● **WHAT TO DO**
Write out nothing except the lines of the entries below, from the first through the one containing "blk = doc.blocks.new('tanaman')", exactly and without pictures.

(DATASET EXCERPTS)

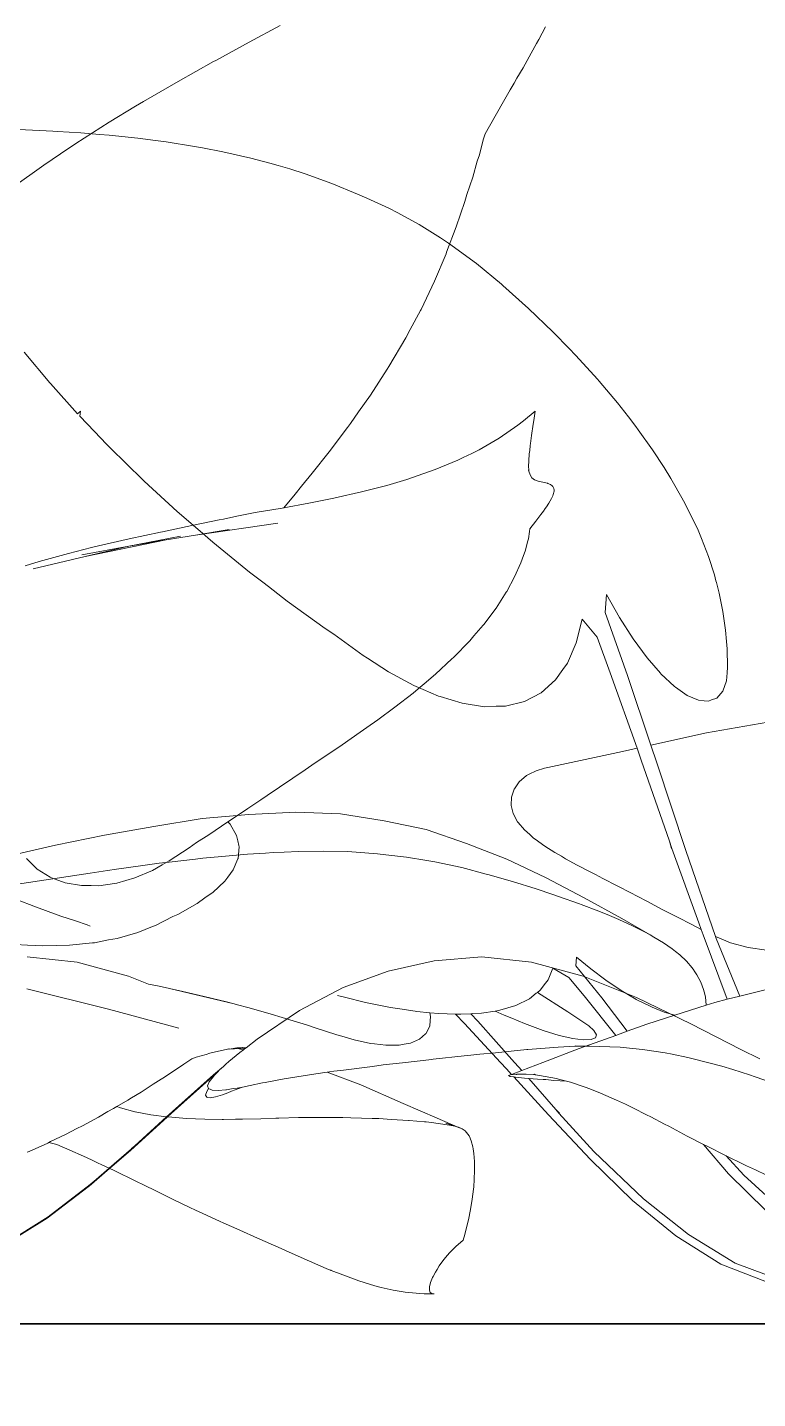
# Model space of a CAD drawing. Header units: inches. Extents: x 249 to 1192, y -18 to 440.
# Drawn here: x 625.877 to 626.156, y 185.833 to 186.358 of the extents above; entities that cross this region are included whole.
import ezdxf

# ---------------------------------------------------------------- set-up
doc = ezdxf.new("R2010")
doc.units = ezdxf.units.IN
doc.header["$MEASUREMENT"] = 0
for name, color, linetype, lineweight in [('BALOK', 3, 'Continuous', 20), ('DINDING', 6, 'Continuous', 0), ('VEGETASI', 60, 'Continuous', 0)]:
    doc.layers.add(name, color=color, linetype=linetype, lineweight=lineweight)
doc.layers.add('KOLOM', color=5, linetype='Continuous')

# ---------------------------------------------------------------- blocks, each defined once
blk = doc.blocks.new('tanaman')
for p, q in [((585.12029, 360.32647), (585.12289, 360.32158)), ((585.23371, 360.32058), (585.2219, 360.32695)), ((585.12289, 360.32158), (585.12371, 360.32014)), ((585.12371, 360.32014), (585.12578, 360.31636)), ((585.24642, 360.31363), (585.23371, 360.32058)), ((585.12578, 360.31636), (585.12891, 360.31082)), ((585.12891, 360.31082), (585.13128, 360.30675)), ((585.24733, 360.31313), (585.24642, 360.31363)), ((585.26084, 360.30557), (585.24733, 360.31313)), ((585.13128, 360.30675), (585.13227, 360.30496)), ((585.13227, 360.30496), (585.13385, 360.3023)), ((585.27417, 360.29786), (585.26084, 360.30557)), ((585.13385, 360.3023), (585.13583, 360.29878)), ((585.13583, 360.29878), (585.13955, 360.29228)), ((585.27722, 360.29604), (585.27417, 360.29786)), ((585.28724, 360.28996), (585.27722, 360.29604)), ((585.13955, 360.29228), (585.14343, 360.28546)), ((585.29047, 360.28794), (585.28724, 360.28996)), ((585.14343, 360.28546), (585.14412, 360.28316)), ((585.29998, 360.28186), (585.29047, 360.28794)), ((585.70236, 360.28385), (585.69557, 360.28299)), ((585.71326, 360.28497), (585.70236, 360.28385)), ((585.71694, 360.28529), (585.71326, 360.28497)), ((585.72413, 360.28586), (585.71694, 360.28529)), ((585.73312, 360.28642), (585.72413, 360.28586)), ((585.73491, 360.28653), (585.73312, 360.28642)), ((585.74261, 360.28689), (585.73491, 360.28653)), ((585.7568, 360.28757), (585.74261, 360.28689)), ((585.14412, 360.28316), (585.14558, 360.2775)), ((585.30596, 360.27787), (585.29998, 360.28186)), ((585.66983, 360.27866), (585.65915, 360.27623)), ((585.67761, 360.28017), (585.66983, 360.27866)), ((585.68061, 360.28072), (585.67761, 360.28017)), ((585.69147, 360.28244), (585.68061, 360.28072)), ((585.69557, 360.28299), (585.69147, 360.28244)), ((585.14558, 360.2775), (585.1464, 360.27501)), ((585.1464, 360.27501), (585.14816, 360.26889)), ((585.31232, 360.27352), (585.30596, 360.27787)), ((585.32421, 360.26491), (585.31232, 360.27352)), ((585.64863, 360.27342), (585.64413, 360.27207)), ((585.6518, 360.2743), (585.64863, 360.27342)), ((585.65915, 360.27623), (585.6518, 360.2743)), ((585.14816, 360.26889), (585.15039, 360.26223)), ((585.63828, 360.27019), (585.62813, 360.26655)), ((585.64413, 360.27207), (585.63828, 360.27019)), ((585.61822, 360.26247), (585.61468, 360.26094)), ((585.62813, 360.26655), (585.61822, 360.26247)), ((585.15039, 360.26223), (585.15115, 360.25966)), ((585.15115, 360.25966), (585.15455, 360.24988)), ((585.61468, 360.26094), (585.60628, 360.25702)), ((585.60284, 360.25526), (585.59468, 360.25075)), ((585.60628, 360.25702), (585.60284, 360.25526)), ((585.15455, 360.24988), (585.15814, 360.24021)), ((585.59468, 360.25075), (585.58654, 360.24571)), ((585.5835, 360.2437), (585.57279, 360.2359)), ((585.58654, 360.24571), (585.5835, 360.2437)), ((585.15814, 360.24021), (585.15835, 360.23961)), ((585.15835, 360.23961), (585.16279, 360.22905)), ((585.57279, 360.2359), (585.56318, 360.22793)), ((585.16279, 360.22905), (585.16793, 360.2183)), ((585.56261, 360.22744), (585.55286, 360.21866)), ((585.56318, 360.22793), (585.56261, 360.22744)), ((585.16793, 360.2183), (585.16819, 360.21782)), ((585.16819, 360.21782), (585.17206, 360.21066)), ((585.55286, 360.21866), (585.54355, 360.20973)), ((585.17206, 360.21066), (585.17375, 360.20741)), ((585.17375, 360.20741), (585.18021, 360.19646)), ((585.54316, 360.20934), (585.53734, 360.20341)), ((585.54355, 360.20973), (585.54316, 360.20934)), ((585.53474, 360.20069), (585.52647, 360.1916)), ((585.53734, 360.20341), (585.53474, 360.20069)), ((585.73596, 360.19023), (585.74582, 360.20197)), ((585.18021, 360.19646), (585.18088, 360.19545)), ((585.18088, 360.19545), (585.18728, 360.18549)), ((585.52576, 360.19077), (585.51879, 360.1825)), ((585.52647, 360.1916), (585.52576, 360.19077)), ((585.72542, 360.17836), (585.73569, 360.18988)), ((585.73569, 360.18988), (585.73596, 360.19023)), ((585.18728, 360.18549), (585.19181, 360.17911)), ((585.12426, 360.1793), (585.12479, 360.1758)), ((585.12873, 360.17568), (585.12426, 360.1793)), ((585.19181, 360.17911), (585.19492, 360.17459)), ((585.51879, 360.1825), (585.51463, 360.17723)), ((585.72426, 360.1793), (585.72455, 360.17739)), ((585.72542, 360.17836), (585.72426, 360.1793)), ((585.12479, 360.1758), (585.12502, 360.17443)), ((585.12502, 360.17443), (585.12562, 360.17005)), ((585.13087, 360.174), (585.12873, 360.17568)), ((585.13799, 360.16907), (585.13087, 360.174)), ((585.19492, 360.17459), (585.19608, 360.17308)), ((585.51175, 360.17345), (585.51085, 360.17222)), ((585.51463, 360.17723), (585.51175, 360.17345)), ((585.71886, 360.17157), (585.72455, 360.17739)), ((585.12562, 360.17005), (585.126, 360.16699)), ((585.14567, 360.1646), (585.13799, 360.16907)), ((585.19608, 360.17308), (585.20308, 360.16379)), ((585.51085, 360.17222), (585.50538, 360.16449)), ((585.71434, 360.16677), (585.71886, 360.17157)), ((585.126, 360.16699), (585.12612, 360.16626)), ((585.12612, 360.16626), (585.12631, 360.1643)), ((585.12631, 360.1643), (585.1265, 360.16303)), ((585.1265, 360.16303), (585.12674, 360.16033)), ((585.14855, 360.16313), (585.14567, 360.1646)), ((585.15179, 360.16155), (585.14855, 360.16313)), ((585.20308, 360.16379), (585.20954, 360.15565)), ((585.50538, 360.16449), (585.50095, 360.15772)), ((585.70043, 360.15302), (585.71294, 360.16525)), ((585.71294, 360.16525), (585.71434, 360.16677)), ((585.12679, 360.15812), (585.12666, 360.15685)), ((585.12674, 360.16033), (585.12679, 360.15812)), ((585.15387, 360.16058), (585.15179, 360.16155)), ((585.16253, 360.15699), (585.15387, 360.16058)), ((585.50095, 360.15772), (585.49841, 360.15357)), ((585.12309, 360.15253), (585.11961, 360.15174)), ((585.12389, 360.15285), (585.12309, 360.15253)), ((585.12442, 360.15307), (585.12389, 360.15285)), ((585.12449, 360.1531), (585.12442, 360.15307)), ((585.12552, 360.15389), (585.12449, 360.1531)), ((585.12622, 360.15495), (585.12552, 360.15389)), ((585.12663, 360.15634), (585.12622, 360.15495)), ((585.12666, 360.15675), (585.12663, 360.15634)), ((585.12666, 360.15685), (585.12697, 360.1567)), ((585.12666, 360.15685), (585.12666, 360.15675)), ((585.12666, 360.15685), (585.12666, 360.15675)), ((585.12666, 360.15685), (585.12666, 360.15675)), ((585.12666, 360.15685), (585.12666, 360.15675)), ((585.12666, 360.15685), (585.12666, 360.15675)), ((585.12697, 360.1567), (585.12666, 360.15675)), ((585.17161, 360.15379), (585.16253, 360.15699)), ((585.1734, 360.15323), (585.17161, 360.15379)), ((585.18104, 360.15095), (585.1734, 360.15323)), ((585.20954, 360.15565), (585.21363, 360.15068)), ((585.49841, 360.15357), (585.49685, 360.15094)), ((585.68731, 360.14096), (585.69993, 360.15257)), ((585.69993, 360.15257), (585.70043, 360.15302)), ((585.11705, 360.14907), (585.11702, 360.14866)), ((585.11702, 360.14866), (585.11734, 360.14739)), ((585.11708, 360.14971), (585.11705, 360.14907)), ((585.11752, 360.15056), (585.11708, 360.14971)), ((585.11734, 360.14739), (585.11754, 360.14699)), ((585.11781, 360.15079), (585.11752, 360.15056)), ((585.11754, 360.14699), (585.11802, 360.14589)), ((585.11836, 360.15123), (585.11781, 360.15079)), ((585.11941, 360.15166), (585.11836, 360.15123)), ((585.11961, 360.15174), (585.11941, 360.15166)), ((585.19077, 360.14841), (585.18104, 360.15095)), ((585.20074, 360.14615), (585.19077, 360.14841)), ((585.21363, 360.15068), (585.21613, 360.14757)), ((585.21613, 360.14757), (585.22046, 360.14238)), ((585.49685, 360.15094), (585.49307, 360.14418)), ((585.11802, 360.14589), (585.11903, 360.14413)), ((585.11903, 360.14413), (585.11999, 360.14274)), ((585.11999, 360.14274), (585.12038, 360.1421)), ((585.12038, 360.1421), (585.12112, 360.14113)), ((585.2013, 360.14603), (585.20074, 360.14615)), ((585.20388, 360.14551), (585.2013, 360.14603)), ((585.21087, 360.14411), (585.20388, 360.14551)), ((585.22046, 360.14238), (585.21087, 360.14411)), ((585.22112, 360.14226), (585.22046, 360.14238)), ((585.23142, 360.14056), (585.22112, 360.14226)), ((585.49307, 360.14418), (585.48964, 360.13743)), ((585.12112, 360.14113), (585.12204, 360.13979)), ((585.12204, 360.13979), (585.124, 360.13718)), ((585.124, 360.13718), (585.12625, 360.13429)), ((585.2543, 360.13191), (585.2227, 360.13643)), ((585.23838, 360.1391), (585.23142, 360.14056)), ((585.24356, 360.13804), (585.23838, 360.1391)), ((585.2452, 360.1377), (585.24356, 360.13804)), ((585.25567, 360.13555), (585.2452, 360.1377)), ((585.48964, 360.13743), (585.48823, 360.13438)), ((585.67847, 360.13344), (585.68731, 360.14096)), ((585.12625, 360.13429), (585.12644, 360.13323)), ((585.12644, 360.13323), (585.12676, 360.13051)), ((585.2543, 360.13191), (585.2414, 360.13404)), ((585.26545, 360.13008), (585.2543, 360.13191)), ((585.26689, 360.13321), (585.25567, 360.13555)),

(End DATASET EXCERPTS)

● **TASK RESULT**
# Model space of a CAD drawing. Header units: inches. Extents: x 249 to 1192, y -18 to 440.
# Drawn here: x 625.877 to 626.156, y 185.833 to 186.358 of the extents above; entities that cross this region are included whole.
import ezdxf

# ---------------------------------------------------------------- set-up
doc = ezdxf.new("R2010")
doc.units = ezdxf.units.IN
doc.header["$MEASUREMENT"] = 0
for name, color, linetype, lineweight in [('BALOK', 3, 'Continuous', 20), ('DINDING', 6, 'Continuous', 0), ('VEGETASI', 60, 'Continuous', 0)]:
    doc.layers.add(name, color=color, linetype=linetype, lineweight=lineweight)
doc.layers.add('KOLOM', color=5, linetype='Continuous')

# ---------------------------------------------------------------- blocks, each defined once
blk = doc.blocks.new('tanaman')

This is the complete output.